> Dataset records
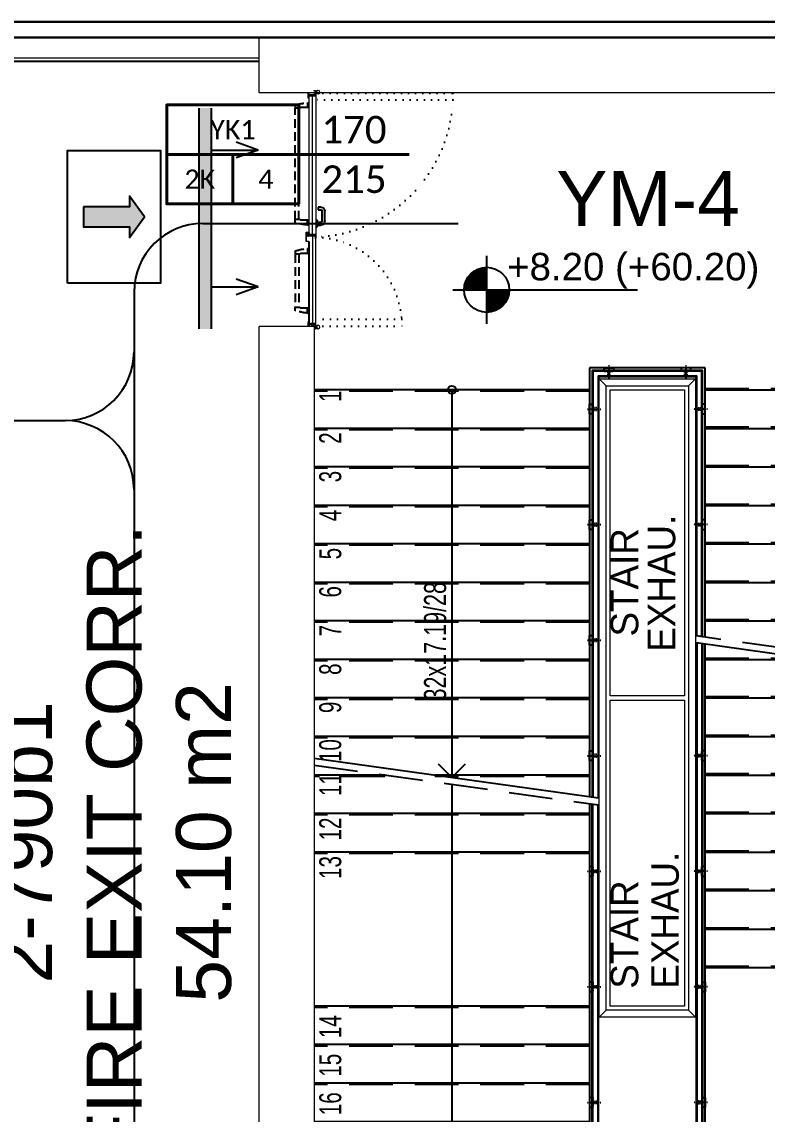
# Model space of a CAD drawing. Header units: metres. Extents: x -9891 to 773, y -8413 to 232.
# Drawn here: x -3641 to -3099, y -1501 to -707 of the extents above; entities that cross this region are included whole.
import ezdxf
from ezdxf.enums import TextEntityAlignment as Align

# ---------------------------------------------------------------- set-up
doc = ezdxf.new("R2010")
doc.units = ezdxf.units.M
doc.header["$LTSCALE"] = 0.01
doc.header["$MEASUREMENT"] = 0
for name, pattern in [('DASHDOT', [1, 0.5, -0.25, 0, -0.25]), ('DOT', [6.35, 0, -6.35]), ('HIDDEN', [9.525, 6.35, -3.175])]:
    doc.linetypes.add(name, pattern=pattern)
doc.layers.get('0').update_dxf_attribs({"color": 30, "lineweight": 0})
for name, color, linetype in [('6', 242, 'Continuous'), ('AG-DOOR', 2, 'Continuous'), ('AG-DOOR-OPENING', 9, 'HIDDEN'), ('AG-HATCH', 9, 'Continuous'), ('AG-Hidden', 9, 'HIDDEN'), ('AG-PLASTER', 73, 'Continuous'), ('AG-STAIR', 3, 'Continuous'), ('AG-TEXT', 7, 'Continuous'), ('AR-HANDRAIL', 20, 'Continuous'), ('AR-REV06', 252, 'Continuous'), ('V-2_Column', 160, 'Continuous'), ('V_KOT', 2, 'Continuous')]:
    doc.layers.add(name, color=color, linetype=linetype)
for name, color, linetype, lineweight in [('AG-DOOR-NOTATION-FIRE', 1, 'Continuous', 40), ('AG-Door_Aluminum', 60, 'Continuous', 13), ('AG-Insulation_Heat_Rockwool', 95, 'BATTING', 13), ('AG-Wall', 4, 'Continuous', 20), ('AI-040', 2, 'Continuous', 20), ('AI-040 @ 250', 2, 'Continuous', 20), ('Cephe Duvarı', 3, 'Continuous', 30), ('PERDE DUVAR', 5, 'Continuous', 40), ('shaft', 3, 'Continuous', 20), ('sıva', 160, 'Continuous', 9)]:
    doc.layers.add(name, color=color, linetype=linetype, lineweight=lineweight)
doc.styles.add('$0$IIS IKEA SANS', font='')
doc.styles.add('ALANLAR_B8$0$ALANLAR_B8$0$VIVA_100', font='arial.ttf', dxfattribs={"height": 25})
doc.styles.add('ARIAL', font='arial.ttf', dxfattribs={"width": 0.9})
doc.styles.add('CALIBRI LIGHT', font='calibril.ttf')
doc.styles.get('$0$IIS IKEA SANS').set_extended_font_data('IKEA Sans')
doc.linetypes.add('BATTING', pattern='A,0.00254,-2.54,[134,ltypeshp.shx,S=2.54,R=0,X=-2.54,Y=0],-5.08,[134,ltypeshp.shx,S=2.54,R=180,X=2.54,Y=0],-2.54', length=10.16254)

# ---------------------------------------------------------------- blocks, each defined once
blk = doc.blocks.new('A$C4FB81733')
at = {"layer": 'PERDE DUVAR', "lineweight": -2}
blk.add_line((8700, 5140), (8700, 5540), dxfattribs=at)
for points in [[(8700, 5140), (0, 5140), (0, 5540), (8700, 5540)], [(10400, 5540), (10800, 5540), (10800, -100), (0, -100), (0, 300), (10400, 300), (10400, 5540)]]:
    blk.add_lwpolyline(points, dxfattribs=at)
blk = doc.blocks.new('*U175')
for p, q in [((0, -493), (0, 493)), ((-493, 0), (2191, 0))]:
    blk.add_line(p, q)
at = {"const_width": 328}
for points in [[(0, 164, 0.414214), (-164, 0, 0.414214)], [(0, -164, 0.414214), (164, 0, 0.414214)]]:
    blk.add_lwpolyline(points, format="xyb", dxfattribs=at)
blk.add_circle((0, 0), 328)
at = {"style": 'ALANLAR_B8$0$ALANLAR_B8$0$VIVA_100'}
for tag, p in [('%%P0.00', (1897, 137)), ('-0.07', (1834, -502))]:
    blk.add_attdef(tag, text='', height=400, dxfattribs=at).set_placement(p, align=Align.RIGHT)
blk = doc.blocks.new('*U8')
at = {"style": 'ARIAL'}
for tag, p in [('NO', (1.676, 0.8)), ('MAHAL', (1.676, -1.8)), ('ALAN', (1.676, -4.4))]:
    blk.add_attdef(tag, text='', height=1.6, dxfattribs=at).set_placement(p, align=Align.MIDDLE_CENTER)
blk = doc.blocks.new('*U188')
blk.add_lwpolyline([(1000, -450), (2200, -450), (2200, 450), (1000, 450)], close=True)
for points in [[(2200, 0), (0, 0)], [(1600, -450), (1600, 0)]]:
    blk.add_lwpolyline(points)
at = {"style": 'CALIBRI LIGHT'}
for tag, height, p in [('GENİŞLİK', 250, (500, 225)), ('KAPIKODU', 175, (1600, 225)), ('YÜKSEKLİK', 250, (500, -225)), ('KATTAKI.SAYISI', 175, (1300, -225)), ('BULUNDUGU.KAT', 175, (1900, -225))]:
    blk.add_attdef(tag, text='', height=height, dxfattribs=at).set_placement(p, align=Align.MIDDLE_CENTER)
blk = doc.blocks.new('exhaust')
at = {"color": 8, "ltscale": 0.3}
blk.add_lwpolyline([(0, 700), (4640, 700), (4640, 0), (0, 0)], close=True, dxfattribs=at)
for points in [[(50, 650), (0, 700)], [(4590, 650), (4640, 700)], [(50, 50), (0, 0)], [(4640, 0), (4590, 50)]]:
    blk.add_lwpolyline(points, dxfattribs=at)
at = {"color": 122, "ltscale": 0.3}
blk.add_lwpolyline([(50, 650), (4590, 650), (4590, 50), (50, 50)], close=True, dxfattribs=at)
for points in [[(2305, 80), (80, 80), (80, 620), (2305, 620), (2305, 80)], [(2335, 620), (4560, 620), (4560, 80), (2335, 80), (2335, 620)]]:
    blk.add_lwpolyline(points, dxfattribs=at)
blk = doc.blocks.new('KAPIYON')
at = {"layer": '6'}
blk.add_hatch(color=2, dxfattribs=at).paths.add_polyline_path([(1584376.13, 117133.58), (1584364.18, 117133.58), (1584364.18, 117115.13), (1584364.18, 117105.65), (1584357.61, 117105.65), (1584370.16, 117096.63), (1584382.7, 117105.65), (1584376.13, 117105.65), (1584376.13, 117115.13)])
at = {"layer": '6', "color": 4}
blk.add_lwpolyline([(1584330, 117143.19), (1584410.32, 117143.19), (1584410.32, 117087.02), (1584330, 117087.02), (1584330, 117143.19)], dxfattribs=at)
at = {"layer": '6', "color": 2}
blk.add_lwpolyline([(1584376.13, 117133.58), (1584364.18, 117133.58), (1584364.18, 117115.13), (1584364.18, 117105.65), (1584357.61, 117105.65), (1584370.16, 117096.63), (1584382.7, 117105.65), (1584376.13, 117105.65), (1584376.13, 117115.13)], close=True, dxfattribs=at)
blk = doc.blocks.new('A$C07630900')
at = {"layer": '6', "xscale": 0.5, "yscale": 0.5, "zscale": 0.5, "rotation": 270}
blk.add_blockref('KAPIYON', (-58543.51, 792191.76), dxfattribs=at)
blk = doc.blocks.new('A$C2DA34C5B')
at = {"layer": 'AR-REV06', "xscale": 24, "yscale": 24, "zscale": 24}
blk.add_blockref('A$C07630900', (315.3, -160.4), dxfattribs=at)
blk = doc.blocks.new('I')
at = {"layer": '6', "linetype": 'Continuous'}
blk.add_hatch(color=4, dxfattribs=at).paths.add_polyline_path([(208591, 128493), (208591, 128667), (205379, 128667), (205379, 128493)])
at = {"layer": '6', "color": 4}
for p, q in [((208591, 128667), (205379, 128667)), ((205379, 128493), (208591, 128493))]:
    blk.add_line(p, q, dxfattribs=at)
at = {"layer": '6'}
for p, q in [((205991, 128493), (205991, 127812)), ((207979, 128493), (207979, 127812)), ((205991, 127812), (205877, 128131)), ((205991, 127812), (206104, 128131)), ((207979, 127812), (207866, 128131)), ((207979, 127812), (208093, 128131))]:
    blk.add_line(p, q, dxfattribs=at)
blk = doc.blocks.new('A$C797D3CE4')
at = {"layer": '6', "xscale": -0.4999999999999912, "yscale": 0.4999999999999912, "zscale": 0.4999999999999912, "rotation": 180}
blk.add_blockref('I', (-103492.2, 64333.6), dxfattribs=at)
at = {"layer": '6', "ltscale": 250, "rotation": 270}
blk.add_blockref('A$C2DA34C5B', (-11.9, 33.2), dxfattribs=at)
blk = doc.blocks.new('A$C6B6314DF')
at = {"layer": '6'}
for p, q in [((-37.11, -9.35, -0.02), (-35.2549, -9.35, -0.02)), ((-37.61, -9.85), (-37.61, -21.4214)), ((-46.5466, -10.7837, -0.02), (-38.11, -10.7837, -0.02))]:
    blk.add_line(p, q, dxfattribs=at)
for centre, start, end in [((-37.11, -9.85), 90, 180), ((-38.11, -10.2837, -0.02), 270, 0), ((-38.11, -11.2837, -0.02), 0, 90)]:
    blk.add_arc(centre, 0.5, start, end, dxfattribs=at)
at = {"layer": '6', "xscale": 0.0009999999999854, "yscale": 0.0009999999999854, "zscale": 0.0009999999999854, "rotation": 270}
blk.add_blockref('A$C797D3CE4', (-37.1362, -9.3144), dxfattribs=at)
blk = doc.blocks.new('KKK1')
at = {"layer": 'AR-HANDRAIL', "linetype": 'DASHDOT', "ltscale": 5}
blk.add_lwpolyline([(-140, 18), (-140, -82)], dxfattribs=at)
at = {"layer": 'AR-HANDRAIL', "color": 152, "ltscale": 2.5}
blk.add_lwpolyline([(-175, -20), (-175, 0), (-105, 0), (-105, -20)], dxfattribs=at)
at = {"layer": 'AR-HANDRAIL', "color": 9, "linetype": 'HIDDEN', "ltscale": 10}
blk.add_lwpolyline([(-175, -20), (-175, -25), (-105, -25), (-105, -20)], dxfattribs=at)
blk.add_lwpolyline([(-148, -25), (-148, -60), (-132, -60), (-132, -25)], close=True, dxfattribs=at)
blk = doc.blocks.new('A$C5B0D7380')
at = {"layer": 'AG-Hidden', "ltscale": 500}
for p, q in [((365.26, 425.24), (165.26, 425.24)), ((449.26, 427.24), (649.26, 427.24)), ((365.26, 397.24), (165.26, 397.24)), ((449.26, 399.24), (649.26, 399.24)), ((365.26, 369.24), (165.26, 369.24)), ((449.26, 371.24), (649.26, 371.24)), ((449.26, 343.24), (649.26, 343.24)), ((365.26, 341.24), (165.26, 341.24)), ((365.26, 313.24), (165.26, 313.24)), ((449.26, 315.24), (649.26, 315.24)), ((449.26, 287.24), (649.26, 287.24)), ((365.26, 285.24), (165.26, 285.24)), ((365.26, 257.24), (165.26, 257.24)), ((449.26, 259.24), (649.26, 259.24)), ((649.26, 218.4), (442.76, 247.31)), ((449.26, 231.24), (528.6, 231.24)), ((564.66, 231.24), (649.26, 231.24)), ((365.26, 229.24), (165.26, 229.24)), ((365.26, 201.24), (165.26, 201.24)), ((449.26, 203.24), (649.26, 203.24)), ((449.26, 175.24), (649.26, 175.24)), ((365.26, 173.24), (165.26, 173.24)), ((165.26, 153.45), (371.76, 124.54)), ((216.73, 145.24), (165.26, 145.24)), ((365.26, 145.24), (252.8, 145.24)), ((449.26, 147.24), (649.26, 147.24)), ((449.26, 119.24), (649.26, 119.24)), ((365.26, 117.24), (165.26, 117.24)), ((365.26, 89.24), (165.26, 89.24)), ((449.26, 91.24), (649.26, 91.24)), ((449.26, 63.24), (649.26, 63.24)), ((449.26, 35.24), (649.26, 35.24)), ((449.26, 7.24), (649.26, 7.24)), ((365.26, -22.76), (165.26, -22.76)), ((365.26, -50.76), (165.26, -50.76)), ((365.26, -78.76), (165.26, -78.76)), ((365.26, -106.76), (165.26, -106.76)), ((365.26, -134.76), (165.26, -134.76)), ((365.26, -162.76), (165.26, -162.76)), ((365.26, -190.76), (165.26, -190.76)), ((365.26, -218.76), (165.26, -218.76)), ((365.26, -246.76), (165.26, -246.76)), ((365.26, -274.76), (165.26, -274.76)), ((365.26, -302.76), (165.26, -302.76)), ((365.26, -330.76), (165.26, -330.76)), ((365.26, -358.76), (165.26, -358.76))]:
    blk.add_line(p, q, dxfattribs=at)
at = {"layer": 'AG-STAIR'}
for p, q in [((365.26, 442.24), (365.26, 130.49)), ((449.26, 442.24), (365.26, 442.24)), ((449.26, 246.4), (449.26, 442.24)), ((365.26, 426.24), (165.26, 426.24)), ((449.26, 426.24), (649.26, 426.24)), ((365.26, 398.24), (165.26, 398.24)), ((449.26, 398.24), (649.26, 398.24)), ((365.26, 370.24), (165.26, 370.24)), ((449.26, 370.24), (649.26, 370.24)), ((365.26, 342.24), (165.26, 342.24)), ((449.26, 342.24), (649.26, 342.24)), ((365.26, 314.24), (165.26, 314.24)), ((449.26, 314.24), (649.26, 314.24)), ((365.26, 286.24), (165.26, 286.24)), ((449.26, 286.24), (649.26, 286.24)), ((365.26, 258.24), (165.26, 258.24)), ((449.26, 258.24), (649.26, 258.24)), ((649.26, 213.35), (442.76, 242.26)), ((365.26, 230.24), (165.26, 230.24)), ((449.26, 230.24), (528.6, 230.24)), ((564.66, 230.24), (649.26, 230.24)), ((365.26, 202.24), (165.26, 202.24)), ((449.26, 202.24), (649.26, 202.24)), ((365.26, 174.24), (165.26, 174.24)), ((449.26, 174.24), (649.26, 174.24)), ((165.26, 158.49), (371.76, 129.58)), ((216.73, 146.24), (165.26, 146.24)), ((365.26, 146.24), (252.8, 146.24)), ((449.26, 146.24), (649.26, 146.24)), ((365.26, 118.24), (165.26, 118.24)), ((449.26, 118.24), (649.26, 118.24)), ((365.26, 90.24), (165.26, 90.24)), ((449.26, 90.24), (649.26, 90.24)), ((449.26, 62.24), (649.26, 62.24)), ((449.26, 34.24), (649.26, 34.24)), ((449.26, 6.24), (649.26, 6.24)), ((365.26, -21.76), (165.26, -21.76)), ((365.26, -49.76), (165.26, -49.76)), ((365.26, -77.76), (165.26, -77.76)), ((365.26, -105.76), (165.26, -105.76)), ((365.26, -133.76), (165.26, -133.76)), ((365.26, -161.76), (165.26, -161.76)), ((365.26, -189.76), (165.26, -189.76)), ((365.26, -217.76), (165.26, -217.76)), ((365.26, -245.76), (165.26, -245.76)), ((365.26, -273.76), (165.26, -273.76)), ((365.26, -301.76), (165.26, -301.76)), ((365.26, -329.76), (165.26, -329.76)), ((365.26, -357.76), (165.26, -357.76))]:
    blk.add_line(p, q, dxfattribs=at)
at = {"layer": 'AG-STAIR', "color": 9}
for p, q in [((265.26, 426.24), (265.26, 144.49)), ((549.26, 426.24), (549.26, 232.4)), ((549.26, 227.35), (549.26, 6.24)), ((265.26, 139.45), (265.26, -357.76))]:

> Your task
Print again, exactly, the lines of the records above from the first line through the line with "doc.layers.add(name, color=color, linetype=linetype)". No pictures.

> Task solution
# Model space of a CAD drawing. Header units: metres. Extents: x -9891 to 773, y -8413 to 232.
# Drawn here: x -3641 to -3099, y -1501 to -707 of the extents above; entities that cross this region are included whole.
import ezdxf
from ezdxf.enums import TextEntityAlignment as Align

# ---------------------------------------------------------------- set-up
doc = ezdxf.new("R2010")
doc.units = ezdxf.units.M
doc.header["$LTSCALE"] = 0.01
doc.header["$MEASUREMENT"] = 0
for name, pattern in [('DASHDOT', [1, 0.5, -0.25, 0, -0.25]), ('DOT', [6.35, 0, -6.35]), ('HIDDEN', [9.525, 6.35, -3.175])]:
    doc.linetypes.add(name, pattern=pattern)
doc.layers.get('0').update_dxf_attribs({"color": 30, "lineweight": 0})
for name, color, linetype in [('6', 242, 'Continuous'), ('AG-DOOR', 2, 'Continuous'), ('AG-DOOR-OPENING', 9, 'HIDDEN'), ('AG-HATCH', 9, 'Continuous'), ('AG-Hidden', 9, 'HIDDEN'), ('AG-PLASTER', 73, 'Continuous'), ('AG-STAIR', 3, 'Continuous'), ('AG-TEXT', 7, 'Continuous'), ('AR-HANDRAIL', 20, 'Continuous'), ('AR-REV06', 252, 'Continuous'), ('V-2_Column', 160, 'Continuous'), ('V_KOT', 2, 'Continuous')]:
    doc.layers.add(name, color=color, linetype=linetype)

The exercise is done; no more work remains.